From One Patient to a Lifeline: Building a Neurology Clinic in Rural Honduras

In 2017, we started small: one patient, one chart, and me, working out of a borrowed office. I had no grand plan to build a large clinic—but once patients began arriving, I couldn’t turn them away.

Today, that small effort has grown into a busy rural neurology and psychiatry clinic—too busy, really. Along the way, we added infrastructure as needs became impossible to ignore: a built-out clinic space, a nurse administrator, a small pharmacy, portable EEG capability, basic labs, two Honduran neurologists and two psychiatrists, and a steady supply of medications.

All services are completely free to patients.

Where We Are — and How We Got Here

Our clinic is located in a rural region, approximately 1 hour and 20 minutes from Tegucigalpa, Honduras’ capital. We operate within a well-run general medical clinic that provides invaluable support. Patients find us primarily through word of mouth, coordination with surrounding clinics, and limited radio outreach.

We are affiliated with SOCIEDAD AMIGOS DE LOS NIÑOS, a remarkable organization that provides essential logistical and operational support.

At this point, we are the second-busiest provider of neurology and psychiatry services in Honduras.

Funding and Sustainability

Because everything is free—doctor visits, EEGs, labs, medications—funding is a constant concern. I raise money continuously and supplement costs personally. Medications alone are brought in by the hundreds of thousands of tablets at a time, typically every three months.

We are actively seeking a partner to help manage the clinic, with the hope of expanding services to include consistent psychotherapy and physical therapy, both of which are extremely limited in Honduras.

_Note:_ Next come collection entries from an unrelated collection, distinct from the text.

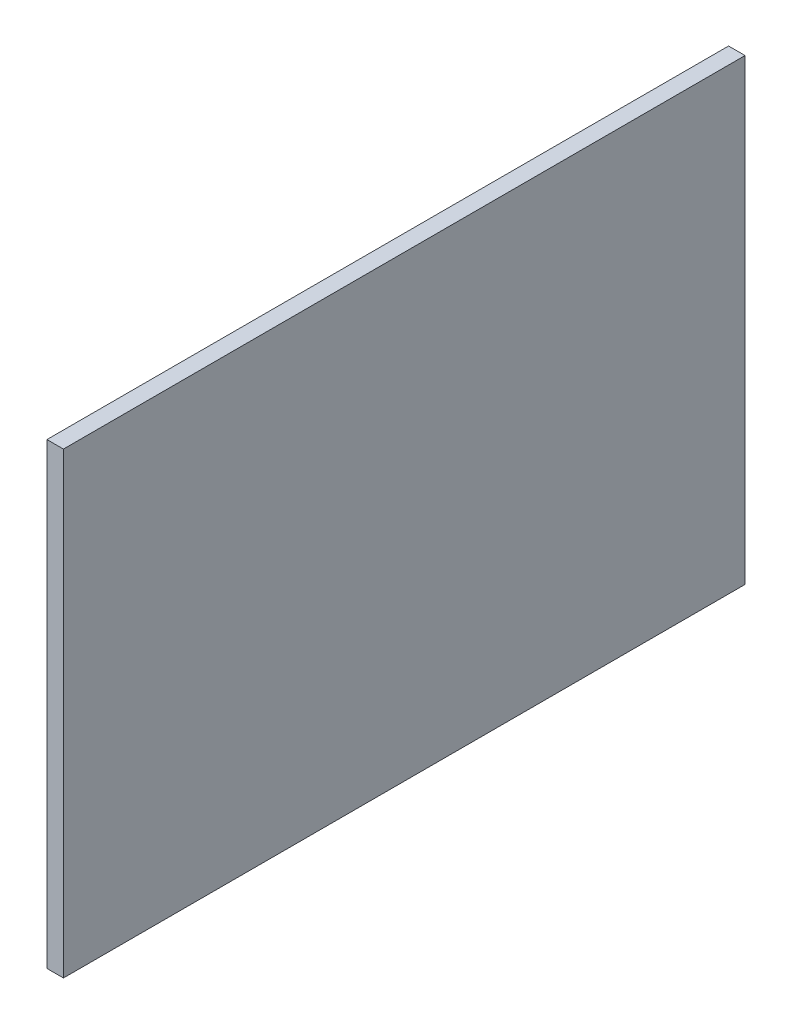
ISO-10303-21;
HEADER;
FILE_DESCRIPTION(('STEP AP214'),'2;1');
FILE_NAME('part.step','',(''),(''),'','','');
FILE_SCHEMA(('AUTOMOTIVE_DESIGN { 1 0 10303 214 1 1 1 1 }'));
ENDSEC;
DATA;
#1=APPLICATION_CONTEXT('core data for automotive mechanical design processes');
#2=APPLICATION_PROTOCOL_DEFINITION('international standard','automotive_design',2000,#1);
#3=PRODUCT_CONTEXT('',#1,'mechanical');
#4=PRODUCT('Part','Part','',(#3));
#5=PRODUCT_RELATED_PRODUCT_CATEGORY('part','',(#4));
#6=PRODUCT_DEFINITION_FORMATION('','',#4);
#7=PRODUCT_DEFINITION_CONTEXT('part definition',#1,'design');
#8=PRODUCT_DEFINITION('design','',#6,#7);
#9=PRODUCT_DEFINITION_SHAPE('','',#8);
#10=(LENGTH_UNIT() NAMED_UNIT(*) SI_UNIT(.MILLI.,.METRE.));
#11=(NAMED_UNIT(*) PLANE_ANGLE_UNIT() SI_UNIT($,.RADIAN.));
#12=(NAMED_UNIT(*) SI_UNIT($,.STERADIAN.) SOLID_ANGLE_UNIT());
#13=UNCERTAINTY_MEASURE_WITH_UNIT(LENGTH_MEASURE(1.E-05),#10,'distance_accuracy_value','');
#14=(GEOMETRIC_REPRESENTATION_CONTEXT(3) GLOBAL_UNCERTAINTY_ASSIGNED_CONTEXT((#13)) GLOBAL_UNIT_ASSIGNED_CONTEXT((#10,
#11,#12)) REPRESENTATION_CONTEXT('',''));
#15=CARTESIAN_POINT('',(0.,0.,0.));
#16=DIRECTION('',(0.,0.,1.));
#17=DIRECTION('',(1.,0.,0.));
#18=AXIS2_PLACEMENT_3D('',#15,#16,#17);
#19=CARTESIAN_POINT('',(18.,-465.924952068349,-669.946474068496));
#20=DIRECTION('',(0.,0.,1.));
#21=DIRECTION('',(1.,0.,0.));
#22=AXIS2_PLACEMENT_3D('',#19,#20,#21);
#23=PLANE('',#22);
#24=DIRECTION('',(0.,1.,0.));
#25=VECTOR('',#24,1.);
#26=CARTESIAN_POINT('',(0.,-465.924952068349,-669.946474068496));
#27=LINE('',#26,#25);
#28=CARTESIAN_POINT('',(0.,-465.924952068349,-669.946474068496));
#29=VERTEX_POINT('',#28);
#30=CARTESIAN_POINT('',(0.,34.0750479316512,-669.946474068496));
#31=VERTEX_POINT('',#30);
#32=EDGE_CURVE('E95',#29,#31,#27,.T.);
#33=ORIENTED_EDGE('',*,*,#32,.T.);
#34=DIRECTION('',(-1.,0.,0.));
#35=VECTOR('',#34,1.);
#36=CARTESIAN_POINT('',(18.,34.0750479316512,-669.946474068496));
#37=LINE('',#36,#35);
#38=CARTESIAN_POINT('',(18.,34.0750479316512,-669.946474068496));
#39=VERTEX_POINT('',#38);
#40=EDGE_CURVE('E11',#39,#31,#37,.T.);
#41=ORIENTED_EDGE('',*,*,#40,.F.);
#42=DIRECTION('',(0.,1.,0.));
#43=VECTOR('',#42,1.);
#44=CARTESIAN_POINT('',(18.,-465.924952068349,-669.946474068496));
#45=LINE('',#44,#43);
#46=CARTESIAN_POINT('',(18.,-465.924952068349,-669.946474068496));
#47=VERTEX_POINT('',#46);
#48=EDGE_CURVE('E83',#47,#39,#45,.T.);
#49=ORIENTED_EDGE('',*,*,#48,.F.);
#50=DIRECTION('',(-1.,0.,0.));
#51=VECTOR('',#50,1.);
#52=CARTESIAN_POINT('',(18.,-465.924952068349,-669.946474068496));
#53=LINE('',#52,#51);
#54=EDGE_CURVE('E91',#47,#29,#53,.T.);
#55=ORIENTED_EDGE('',*,*,#54,.T.);
#56=EDGE_LOOP('',(#33,#41,#49,#55));
#57=FACE_BOUND('',#56,.T.);
#58=ADVANCED_FACE('F32',(#57),#23,.F.);
#59=CARTESIAN_POINT('',(18.,34.0750479316512,74.0535259315038));
#60=DIRECTION('',(0.,-1.,0.));
#61=DIRECTION('',(0.,0.,-1.));
#62=AXIS2_PLACEMENT_3D('',#59,#60,#61);
#63=PLANE('',#62);
#64=DIRECTION('',(0.,0.,1.));
#65=VECTOR('',#64,1.);
#66=CARTESIAN_POINT('',(0.,34.0750479316512,74.0535259315038));
#67=LINE('',#66,#65);
#68=CARTESIAN_POINT('',(0.,34.0750479316512,74.0535259315038));
#69=VERTEX_POINT('',#68);
#70=EDGE_CURVE('E87',#31,#69,#67,.T.);
#71=ORIENTED_EDGE('',*,*,#70,.T.);
#72=DIRECTION('',(-1.,0.,0.));
#73=VECTOR('',#72,1.);
#74=CARTESIAN_POINT('',(18.,34.0750479316512,74.0535259315038));
#75=LINE('',#74,#73);
#76=CARTESIAN_POINT('',(18.,34.0750479316512,74.0535259315038));
#77=VERTEX_POINT('',#76);
#78=EDGE_CURVE('E40',#77,#69,#75,.T.);
#79=ORIENTED_EDGE('',*,*,#78,.F.);
#80=DIRECTION('',(0.,0.,1.));
#81=VECTOR('',#80,1.);
#82=CARTESIAN_POINT('',(18.,34.0750479316512,74.0535259315038));
#83=LINE('',#82,#81);
#84=EDGE_CURVE('E78',#39,#77,#83,.T.);
#85=ORIENTED_EDGE('',*,*,#84,.F.);
#86=ORIENTED_EDGE('',*,*,#40,.T.);
#87=EDGE_LOOP('',(#71,#79,#85,#86));
#88=FACE_BOUND('',#87,.T.);
#89=ADVANCED_FACE('F86',(#88),#63,.F.);
#90=CARTESIAN_POINT('',(18.,-465.924952068349,74.0535259315038));
#91=DIRECTION('',(0.,0.,-1.));
#92=DIRECTION('',(-1.,0.,0.));
#93=AXIS2_PLACEMENT_3D('',#90,#91,#92);
#94=PLANE('',#93);
#95=DIRECTION('',(0.,-1.,0.));
#96=VECTOR('',#95,1.);
#97=CARTESIAN_POINT('',(0.,-465.924952068349,74.0535259315038));
#98=LINE('',#97,#96);
#99=CARTESIAN_POINT('',(0.,-465.924952068349,74.0535259315038));
#100=VERTEX_POINT('',#99);
#101=EDGE_CURVE('E65',#69,#100,#98,.T.);
#102=ORIENTED_EDGE('',*,*,#101,.T.);
#103=DIRECTION('',(-1.,0.,0.));
#104=VECTOR('',#103,1.);
#105=CARTESIAN_POINT('',(18.,-465.924952068349,74.0535259315038));
#106=LINE('',#105,#104);
#107=CARTESIAN_POINT('',(18.,-465.924952068349,74.0535259315038));
#108=VERTEX_POINT('',#107);
#109=EDGE_CURVE('E88',#108,#100,#106,.T.);
#110=ORIENTED_EDGE('',*,*,#109,.F.);
#111=DIRECTION('',(0.,-1.,0.));
#112=VECTOR('',#111,1.);
#113=CARTESIAN_POINT('',(18.,-465.924952068349,74.0535259315038));
#114=LINE('',#113,#112);
#115=EDGE_CURVE('E81',#77,#108,#114,.T.);
#116=ORIENTED_EDGE('',*,*,#115,.F.);
#117=ORIENTED_EDGE('',*,*,#78,.T.);
#118=EDGE_LOOP('',(#102,#110,#116,#117));
#119=FACE_BOUND('',#118,.T.);
#120=ADVANCED_FACE('F89',(#119),#94,.F.);
#121=CARTESIAN_POINT('',(18.,-465.924952068349,74.0535259315038));
#122=DIRECTION('',(0.,1.,0.));
#123=DIRECTION('',(0.,0.,1.));
#124=AXIS2_PLACEMENT_3D('',#121,#122,#123);
#125=PLANE('',#124);
#126=DIRECTION('',(0.,0.,-1.));
#127=VECTOR('',#126,1.);
#128=CARTESIAN_POINT('',(0.,-465.924952068349,74.0535259315038));
#129=LINE('',#128,#127);
#130=EDGE_CURVE('E71',#100,#29,#129,.T.);
#131=ORIENTED_EDGE('',*,*,#130,.T.);
#132=ORIENTED_EDGE('',*,*,#54,.F.);
#133=DIRECTION('',(0.,0.,-1.));
#134=VECTOR('',#133,1.);
#135=CARTESIAN_POINT('',(18.,-465.924952068349,74.0535259315038));
#136=LINE('',#135,#134);
#137=EDGE_CURVE('E48',#108,#47,#136,.T.);
#138=ORIENTED_EDGE('',*,*,#137,.F.);
#139=ORIENTED_EDGE('',*,*,#109,.T.);
#140=EDGE_LOOP('',(#131,#132,#138,#139));
#141=FACE_BOUND('',#140,.T.);
#142=ADVANCED_FACE('F102',(#141),#125,.F.);
#143=CARTESIAN_POINT('',(18.,0.,0.));
#144=DIRECTION('',(-1.,0.,0.));
#145=DIRECTION('',(0.,0.,1.));
#146=AXIS2_PLACEMENT_3D('',#143,#144,#145);
#147=PLANE('',#146);
#148=ORIENTED_EDGE('',*,*,#48,.T.);
#149=ORIENTED_EDGE('',*,*,#84,.T.);
#150=ORIENTED_EDGE('',*,*,#115,.T.);
#151=ORIENTED_EDGE('',*,*,#137,.T.);
#152=EDGE_LOOP('',(#148,#149,#150,#151));
#153=FACE_BOUND('',#152,.T.);
#154=ADVANCED_FACE('F79',(#153),#147,.F.);
#155=CARTESIAN_POINT('',(0.,0.,0.));
#156=DIRECTION('',(-1.,0.,0.));
#157=DIRECTION('',(0.,0.,1.));
#158=AXIS2_PLACEMENT_3D('',#155,#156,#157);
#159=PLANE('',#158);
#160=ORIENTED_EDGE('',*,*,#32,.F.);
#161=ORIENTED_EDGE('',*,*,#130,.F.);
#162=ORIENTED_EDGE('',*,*,#101,.F.);
#163=ORIENTED_EDGE('',*,*,#70,.F.);
#164=EDGE_LOOP('',(#160,#161,#162,#163));
#165=FACE_BOUND('',#164,.T.);
#166=ADVANCED_FACE('F105',(#165),#159,.T.);
#167=CLOSED_SHELL('',(#58,#89,#120,#142,#154,#166));
#168=MANIFOLD_SOLID_BREP('B2',#167);
#169=ADVANCED_BREP_SHAPE_REPRESENTATION('',(#18,#168),#14);
#170=SHAPE_DEFINITION_REPRESENTATION(#9,#169);
ENDSEC;
END-ISO-10303-21;

New and Expanding Projects

Prenatal Vitamins

We distribute prenatal vitamins to women living in remote mountain regions who have no financial or transportation access to them. To date, we’ve distributed nearly 100,000 vitamins, with a goal of 450,000 or more, targeting at least 30,000 per month.

Telemedicine

Due to ongoing road construction and difficult travel conditions, we are expanding televisits, both from our clinic and from my office in the Chicago area.

Clean Water Filters

We help install water filtration systems in family homes in impoverished mountain areas. Each filter provides clean water for 5–7 years, transforming unsafe water into a reliable source of drinking water.

Training Other Physicians

In November 2024, I gave a webinar to the American Academy of Neurology on building sustainable neurology programs in underserved regions. We hope to spark broader interest in Neurology in Central America and encourage similar initiatives.

Our Goals

  1. Provide free neurologic and psychiatric care, including medications and labs

  2. Teach medical students, residents, and attending physicians

  3. Publish headache treatment guidelines in Spanish

  4. Train neurologists in headache medicine and establish Honduras’ first headache center

  5. Continue upgrading clinic infrastructure

  6. Support other clinicians interested in starting similar programs

Research, Teaching, and Publishing

We recently published a patient survey study in World Neurology, and there is strong potential for further research through the clinic. I’ve published multiple Spanish-language clinical guides and have a 4th edition of my book, Clinical Pearls, coming out in Spanish—copies of which will be distributed free to Honduran physicians.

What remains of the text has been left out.